# Blackwater River



## cmallick (Apr 2, 2012)

I'm new to fishing in general. Only been fishing for about 2 months.

Any tips or tricks for more successful bass catching in the Blackwater River, and Escambia river Deltas, would be appreciated.

I'm currently using Black back Chartreuse and Sexy Shad 1.5 crankbait from both boat and bank.


----------



## bowhunter627 (Oct 17, 2012)

Try using spinner baits, chatter baits, and top waters have always been the best for bass catching for me. i hope this helps you out!


----------



## DAWGONIT (Jan 16, 2009)

Welcome to the forum.
+1 on what bowhunter described; trying to 'match the hatch.'
catch 'em up.


----------



## MacTheFuzz (Jul 13, 2009)

I don't fish any of those without Bandit Mistake, Chartreuse/black, or Salad Bar models - 100 or 200 series. For plastics, Zoom U-vibe Speed Craw, Zoom U-vibe worm in Blackberry, Candy-bug, watermelon-red, and June-bug. I generally fish those Texas Rig style.


----------



## gulf coast rodworks (Apr 3, 2012)

Zoom 4.5 inch wackey worm pumpkin seed color. ... everywhere.


----------



## Charlie2 (Oct 2, 2007)

*Blackwater and Escambia Fishing*

Fly rod with popping bug. 

I always had success with a Original Rapala topwater plug.
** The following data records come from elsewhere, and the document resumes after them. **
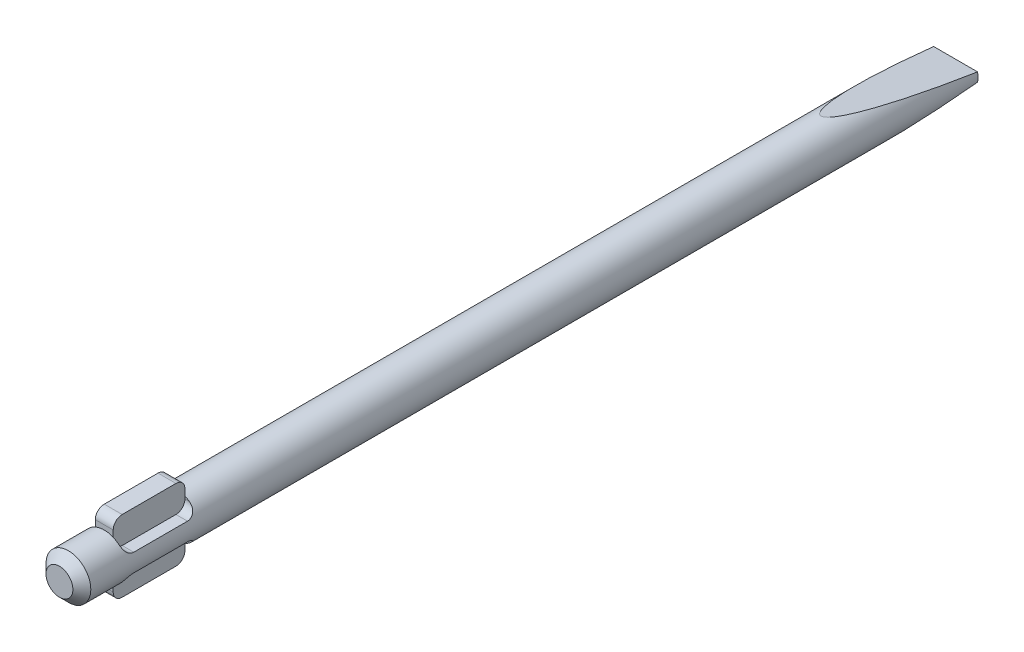
from build123d import *

# Parameters (mm, degrees)
SKETCH1_R               = 2.5
BOSS_EXTRUDE1_DEPTH     = 100
CUT_EXTRUDE1_DEPTH      = 5
BOSS_EXTRUDE2_DEPTH     = 1
CHAMFER1_SIZE           = 1
CUT_EXTRUDE2_DEPTH      = 101.111188188
CUT_EXTRUDE2_DEPTH_BACK = 101.111188188


with BuildPart() as part:
    # Sketch1 → Boss-Extrude1 (new body)
    with BuildSketch(Plane.XY):
        Circle(SKETCH1_R)
    extrude(amount=BOSS_EXTRUDE1_DEPTH)

    # Sketch2 → Cut-Extrude1 (cut, symmetric)
    with BuildSketch(Plane(origin=(0, 0, 0), x_dir=(0, 0, -1), z_dir=(1, 0, 0))):
        with BuildLine():
            Line((-94, 4), (-88, 4))
            ThreePointArc((-88, 4), (-87.292893219, 3.707106781), (-87, 3))
            Line((-87, 3), (-87, 2))
            ThreePointArc((-87, 2), (-87.292893219, 1.292893219), (-88, 1))
            Line((-88, 1), (-94, 1))
            ThreePointArc((-94, 1), (-94.707106781, 1.292893219), (-95, 2))
            Line((-95, 2), (-95, 3))
            ThreePointArc((-95, 3), (-94.707106781, 3.707106781), (-94, 4))
        make_face()
        with BuildLine():
            Line((-87, -3), (-87, -2))
            ThreePointArc((-87, -2), (-87.292893219, -1.292893219), (-88, -1))
            Line((-88, -1), (-94, -1))
            ThreePointArc((-94, -1), (-94.707106781, -1.292893219), (-95, -2))
            Line((-95, -2), (-95, -3))
            ThreePointArc((-95, -3), (-94.707106781, -3.707106781), (-94, -4))
            Line((-94, -4), (-88, -4))
            ThreePointArc((-88, -4), (-87.292893219, -3.707106781), (-87, -3))
        make_face()
    extrude(amount=CUT_EXTRUDE1_DEPTH, both=True, mode=Mode.SUBTRACT)

    # Sketch2_2 → Boss-Extrude2 (add, symmetric)
    with BuildSketch(Plane(origin=(0, 0, 0), x_dir=(0, 0, -1), z_dir=(1, 0, 0))):
        with BuildLine():
            Line((-94, 4), (-88, 4))
            ThreePointArc((-88, 4), (-87.292893219, 3.707106781), (-87, 3))
            Line((-87, 3), (-87, 2))
            ThreePointArc((-87, 2), (-87.292893219, 1.292893219), (-88, 1))
            Line((-88, 1), (-94, 1))
            ThreePointArc((-94, 1), (-94.707106781, 1.292893219), (-95, 2))
            Line((-95, 2), (-95, 3))
            ThreePointArc((-95, 3), (-94.707106781, 3.707106781), (-94, 4))
        make_face()
        with BuildLine():
            Line((-87, -3), (-87, -2))
            ThreePointArc((-87, -2), (-87.292893219, -1.292893219), (-88, -1))
            Line((-88, -1), (-94, -1))
            ThreePointArc((-94, -1), (-94.707106781, -1.292893219), (-95, -2))
            Line((-95, -2), (-95, -3))
            ThreePointArc((-95, -3), (-94.707106781, -3.707106781), (-94, -4))
            Line((-94, -4), (-88, -4))
            ThreePointArc((-88, -4), (-87.292893219, -3.707106781), (-87, -3))
        make_face()
    extrude(amount=BOSS_EXTRUDE2_DEPTH, both=True)

    # Chamfer1
    chamfer1_edges = [part.edges().sort_by_distance(p)[0] for p in [
        (-2.5, 0, 100),
    ]]
    chamfer(chamfer1_edges, length=CHAMFER1_SIZE)

    # Sketch3 → Cut-Extrude2 (cut, two sides: drawn at the far end of the back side and taken through both)
    with BuildSketch(Plane(origin=(0, 0, 0), x_dir=(0, 0, -1), z_dir=(1, 0, 0)).offset(-CUT_EXTRUDE2_DEPTH_BACK)):
        Polygon((0, -2.5), (0, -0.5), (-15, -2.5), align=None)
        Polygon((-15, 2.5), (0, 0.5), (0, 2.5), align=None)
    extrude(amount=CUT_EXTRUDE2_DEPTH + CUT_EXTRUDE2_DEPTH_BACK, mode=Mode.SUBTRACT)


solid = part.part
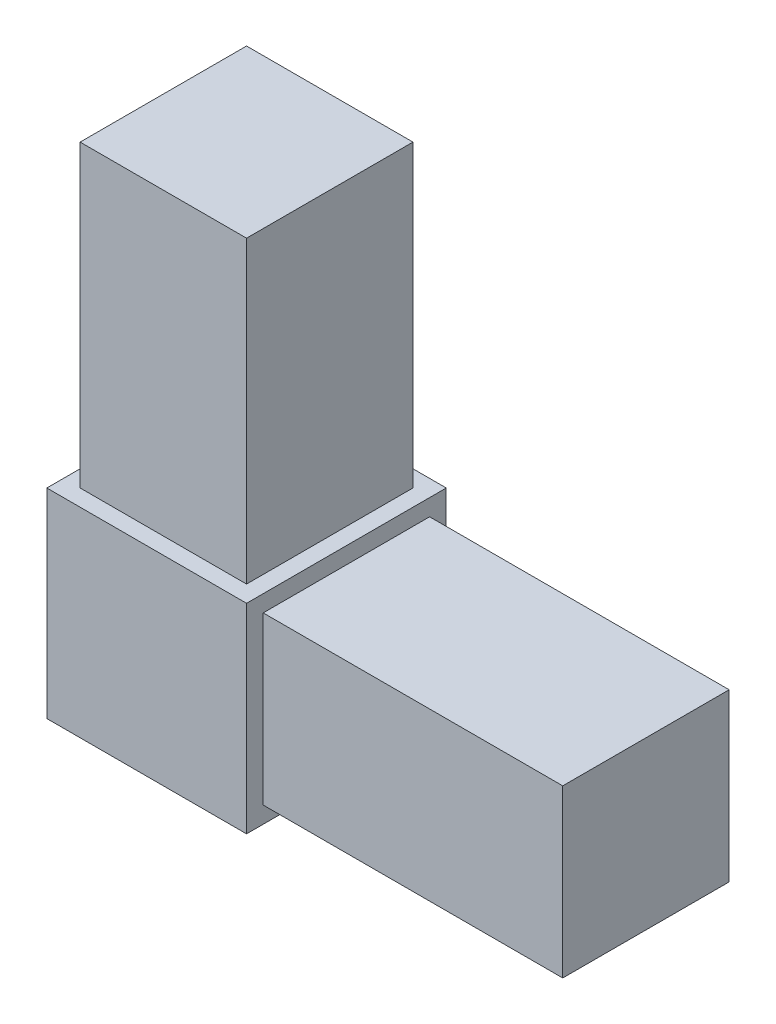
from build123d import *

# Parameters (mm, degrees)
SKETCH1_W           = 19.05
SKETCH1_H           = 19.05
BOSS_EXTRUDE1_DEPTH = 19.05
SKETCH2_W           = 15.875
SKETCH2_H           = 15.875
BOSS_EXTRUDE2_DEPTH = 28.575
SKETCH3_W           = 15.875
SKETCH3_H           = 15.875
BOSS_EXTRUDE3_DEPTH = 28.575


with BuildPart() as part:
    # Sketch1 → Boss-Extrude1 (new body)
    with BuildSketch(Plane.XY):
        Rectangle(SKETCH1_W, SKETCH1_H)
    extrude(amount=BOSS_EXTRUDE1_DEPTH)

    # Sketch2 → Boss-Extrude2 (add)
    with BuildSketch(Plane(origin=(0, 9.525, 0), x_dir=(1, 0, 0), z_dir=(0, 1, 0))):
        with Locations((0, -9.525)):
            Rectangle(SKETCH2_W, SKETCH2_H)
    extrude(amount=BOSS_EXTRUDE2_DEPTH)

    # Sketch3 → Boss-Extrude3 (add)
    with BuildSketch(Plane(origin=(9.525, 0, 0), x_dir=(0, 0, -1), z_dir=(1, 0, 0))):
        with Locations((-9.525, 0)):
            Rectangle(SKETCH3_W, SKETCH3_H)
    extrude(amount=BOSS_EXTRUDE3_DEPTH)


solid = part.part
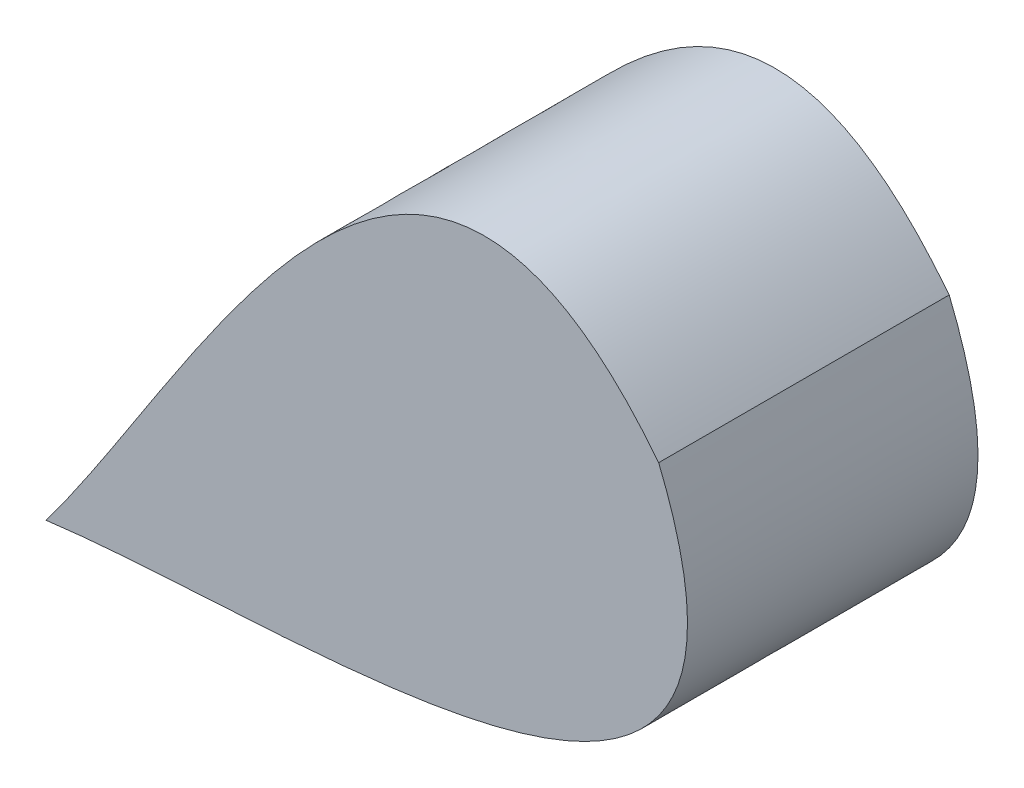
from build123d import *

# Parameters (mm, degrees)
BOSS_EXTRUDE1_DEPTH = 10


with BuildPart() as part:
    # Sketch1 → Boss-Extrude1 (new body)
    with BuildSketch(Plane.XY):
        with BuildLine():
            add(Edge.make_bspline(
                [(948.090064485, 759.213189708), (953.531720886, 766.401913097), (960.540224931, 782.530385898), (969.179875653, 771.473957673)],
                knots=[0, 0, 0, 0, 1, 1, 1, 1], degree=3))
            add(Edge.make_bspline(
                [(948.090064485, 759.213189708), (957.029634779, 760.385133096), (974.513214795, 758.495372877), (969.179875653, 771.473957673)],
                knots=[0, 0, 0, 0, 1, 1, 1, 1], degree=3))
        make_face()
    extrude(amount=BOSS_EXTRUDE1_DEPTH)


solid = part.part
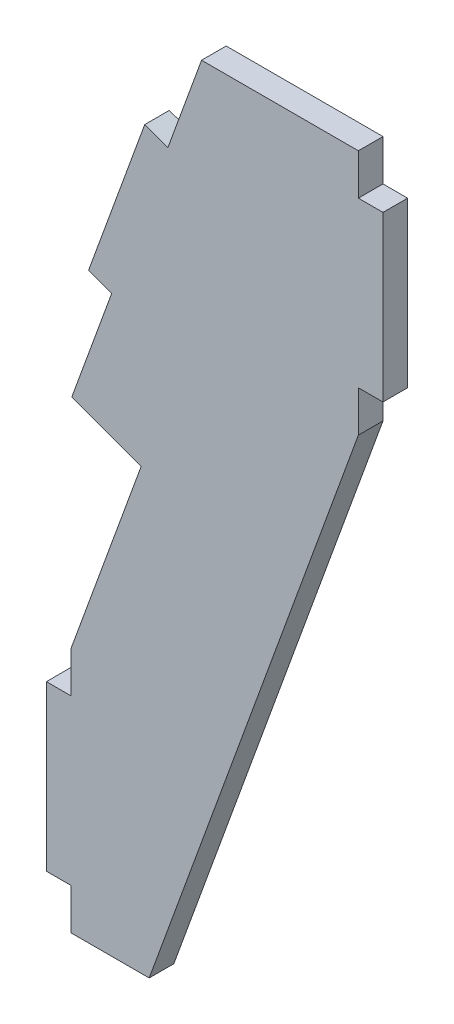
from build123d import *

# Parameters (mm, degrees)
BOSS_EXTRUDE1_DEPTH = 3
BOSS_EXTRUDE2_DEPTH = 3


with BuildPart() as part:
    # Sketch1 → Boss-Extrude1 (new body)
    with BuildSketch(Plane.XY):
        Polygon((3, -5), (12.522083602, -5), (38.000000001, 65), (38.000000001, 70), (41, 70), (41, 89.999999997), (38.000000001, 89.999999997), (38.000000001, 94.999999997), (28.477916397, 94.999999997), (18.390906449, 67.286167933), (15.571828589, 68.312228362), (8.731425723, 49.518375949), (11.550503583, 48.49231552), (3, 25), (3, 20), (0, 20), (0, 0), (3, 0), align=None)
    extrude(amount=BOSS_EXTRUDE1_DEPTH)

    # Sketch2 → Boss-Extrude2 (add)
    with BuildSketch(Plane(origin=(0, 0, 0), x_dir=(-1, 0, 0), z_dir=(0, 0, -1))):
        Polygon((-7.955671859, 64.929836131), (-3.093269996, 51.57049681), (-8.731425723, 49.518375949), (-15.571828589, 68.312228362), (-18.390906449, 67.286167933), (-28.477916397, 94.999999997), (-18.900316445, 94.999999997), (-14.796074725, 83.723688547), (-11.976996863, 84.749748977), (-5.136593996, 65.955896561), align=None)
    extrude(amount=-BOSS_EXTRUDE2_DEPTH)


solid = part.part
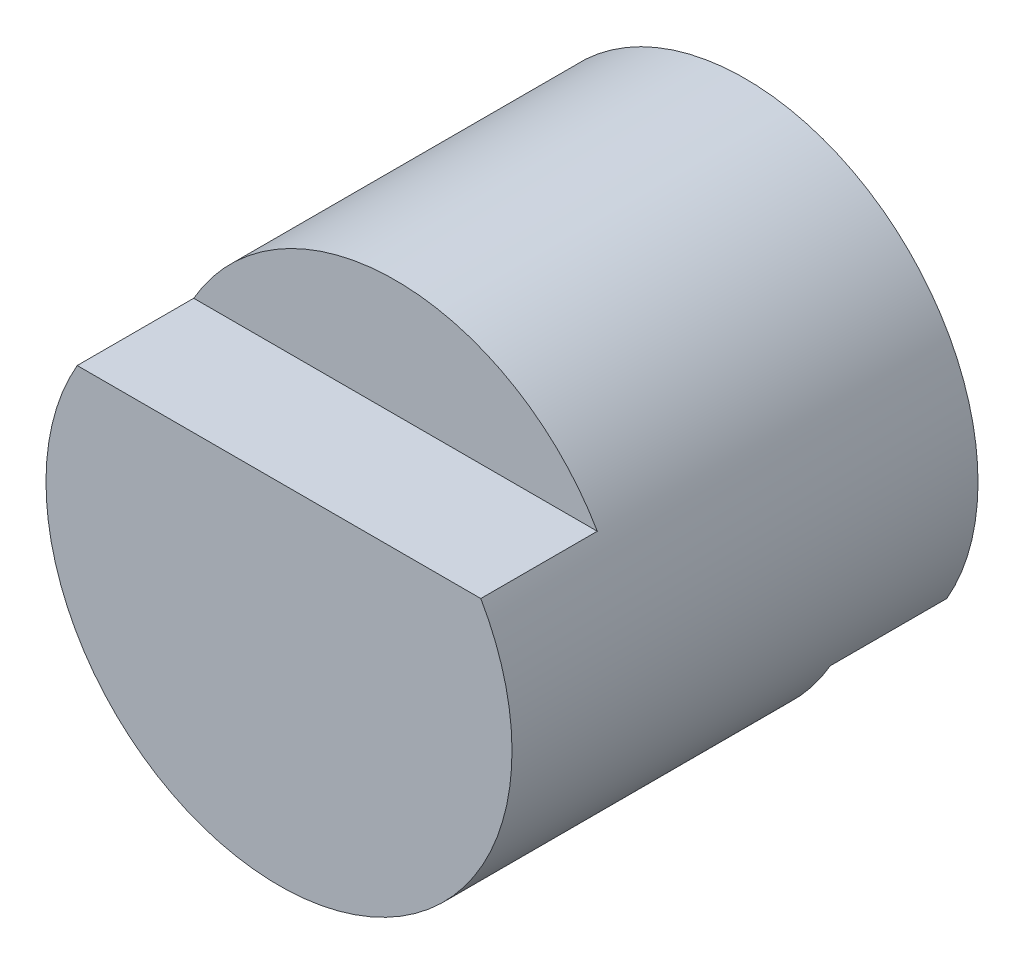
from build123d import *

# Parameters (mm, degrees)
SKETCH1_R           = 2
BOSS_EXTRUDE1_DEPTH = 4
CUT_EXTRUDE2_DEPTH  = 1
CUT_EXTRUDE3_DEPTH  = 1


with BuildPart() as part:
    # Sketch1 → Boss-Extrude1 (new body)
    with BuildSketch(Plane.XY):
        Circle(SKETCH1_R)
    extrude(amount=BOSS_EXTRUDE1_DEPTH)

    # Sketch2 → Cut-Extrude2 (cut)
    with BuildSketch(Plane.XY.offset(4)):
        with BuildLine():
            Line((-1.732050808, 1), (1.732050808, 1))
            ThreePointArc((1.732050808, 1), (0, 2), (-1.732050808, 1))
        make_face()
    extrude(amount=-CUT_EXTRUDE2_DEPTH, mode=Mode.SUBTRACT)

    # Sketch4 → Cut-Extrude3 (cut)
    with BuildSketch(Plane(origin=(0, 0, 0), x_dir=(-1, 0, 0), z_dir=(0, 0, -1))):
        with BuildLine():
            Line((-1.732050808, -1), (1.732050808, -1))
            ThreePointArc((1.732050808, -1), (0, -2), (-1.732050808, -1))
        make_face()
    extrude(amount=-CUT_EXTRUDE3_DEPTH, mode=Mode.SUBTRACT)


solid = part.part

C2


----------



## auguy7777 (Feb 23, 2009)

Nothing beats a weightless Zoom fluke...doesn't really matter the color. You'll get bass, reds, and trout with em


----------



## jcoss15 (Oct 11, 2010)

Bandit 200 series cranks, zoom flukes in white or pearl, rapala husky jerks/xraps silver black back. Any creature bait in watermelon red is deadly, I like baby brush hogs.


----------